• Problem to work on
Copy out each line of the data holding "DIRECTION".
[Start of Attachment]
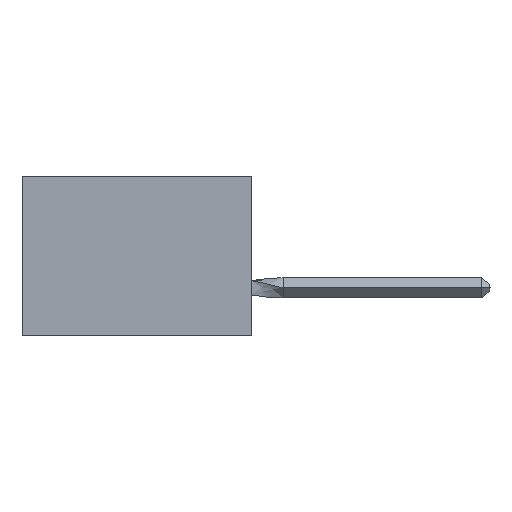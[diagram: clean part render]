
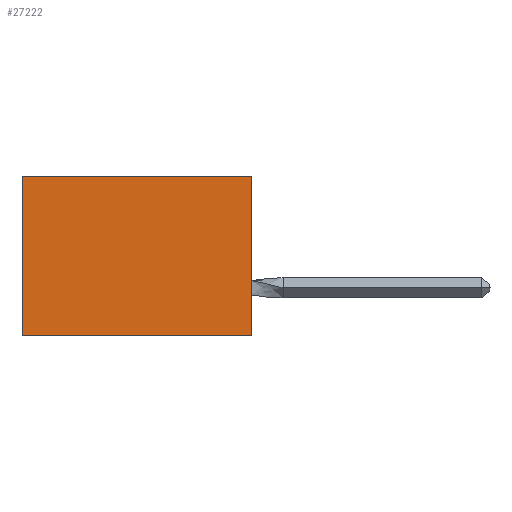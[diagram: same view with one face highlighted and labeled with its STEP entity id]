
A CAD part, left-side view. The second image highlights one B-rep face of the part: STEP entity #27222.
In plain terms, the highlighted planar face has unit normal (-1, 0, 0).
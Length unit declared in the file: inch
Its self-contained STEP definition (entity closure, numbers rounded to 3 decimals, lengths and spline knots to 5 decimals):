
#61 = VERTEX_POINT ( 'NONE', #22027 ) ;
#272 = CARTESIAN_POINT ( 'NONE',  ( 0.305, 0.72, -0.5 ) ) ;
#1795 = DIRECTION ( 'NONE',  ( 0., 0., -1. ) ) ;
#1990 = EDGE_LOOP ( 'NONE', ( #10714, #3039, #7020, #14158 ) ) ;
#3016 = LINE ( 'NONE', #20692, #16544 ) ;
#3039 = ORIENTED_EDGE ( 'NONE', *, *, #14664, .F. ) ;
#3853 = LINE ( 'NONE', #26041, #8042 ) ;
#4105 = DIRECTION ( 'NONE',  ( 1., 0., 0. ) ) ;
#4637 = VERTEX_POINT ( 'NONE', #13178 ) ;
#6012 = VERTEX_POINT ( 'NONE', #272 ) ;
#7020 = ORIENTED_EDGE ( 'NONE', *, *, #23663, .F. ) ;
#7102 = CARTESIAN_POINT ( 'NONE',  ( 0.305, 0., 0. ) ) ;
#7371 = CARTESIAN_POINT ( 'NONE',  ( 0.305, 0.72, -0.5 ) ) ;
#8042 = VECTOR ( 'NONE', #10622, 39.37008 ) ;
#10622 = DIRECTION ( 'NONE',  ( 0., 1., 0. ) ) ;
#10714 = ORIENTED_EDGE ( 'NONE', *, *, #20984, .T. ) ;
#10794 = CARTESIAN_POINT ( 'NONE',  ( 0.305, 0., -0.5 ) ) ;
#11889 = DIRECTION ( 'NONE',  ( 0., 1., 0. ) ) ;
#13178 = CARTESIAN_POINT ( 'NONE',  ( 0.305, 0., -0.5 ) ) ;
#14158 = ORIENTED_EDGE ( 'NONE', *, *, #17921, .T. ) ;
#14259 = VECTOR ( 'NONE', #18957, 39.37008 ) ;
#14664 = EDGE_CURVE ( 'NONE', #4637, #6012, #3853, .T. ) ;
#14790 = FACE_OUTER_BOUND ( 'NONE', #1990, .T. ) ;
#16376 = DIRECTION ( 'NONE',  ( 0., 0., -1. ) ) ;
#16544 = VECTOR ( 'NONE', #11889, 39.37008 ) ;
#17921 = EDGE_CURVE ( 'NONE', #20348, #61, #3016, .T. ) ;
#18655 = AXIS2_PLACEMENT_3D ( 'NONE', #10794, #4105, #1795 ) ;
#18957 = DIRECTION ( 'NONE',  ( 0., 0., -1. ) ) ;
#20348 = VERTEX_POINT ( 'NONE', #7102 ) ;
#20692 = CARTESIAN_POINT ( 'NONE',  ( 0.305, 0., 0. ) ) ;
#20984 = EDGE_CURVE ( 'NONE', #61, #6012, #28175, .T. ) ;
#21519 = LINE ( 'NONE', #23398, #14259 ) ;
#21642 = VECTOR ( 'NONE', #16376, 39.37008 ) ;
#22027 = CARTESIAN_POINT ( 'NONE',  ( 0.305, 0.72, 0. ) ) ;
#23398 = CARTESIAN_POINT ( 'NONE',  ( 0.305, 0., -0.5 ) ) ;
#23663 = EDGE_CURVE ( 'NONE', #20348, #4637, #21519, .T. ) ;
#26041 = CARTESIAN_POINT ( 'NONE',  ( 0.305, 0., -0.5 ) ) ;
#27222 = ADVANCED_FACE ( 'NONE', ( #14790 ), #28540, .F. ) ;
#28175 = LINE ( 'NONE', #7371, #21642 ) ;
#28540 = PLANE ( 'NONE',  #18655 ) ;
[End of Attachment]
• Response
#1795 = DIRECTION ( 'NONE',  ( 0., 0., -1. ) ) ;
#4105 = DIRECTION ( 'NONE',  ( 1., 0., 0. ) ) ;
#10622 = DIRECTION ( 'NONE',  ( 0., 1., 0. ) ) ;
#11889 = DIRECTION ( 'NONE',  ( 0., 1., 0. ) ) ;
#16376 = DIRECTION ( 'NONE',  ( 0., 0., -1. ) ) ;
#18957 = DIRECTION ( 'NONE',  ( 0., 0., -1. ) ) ;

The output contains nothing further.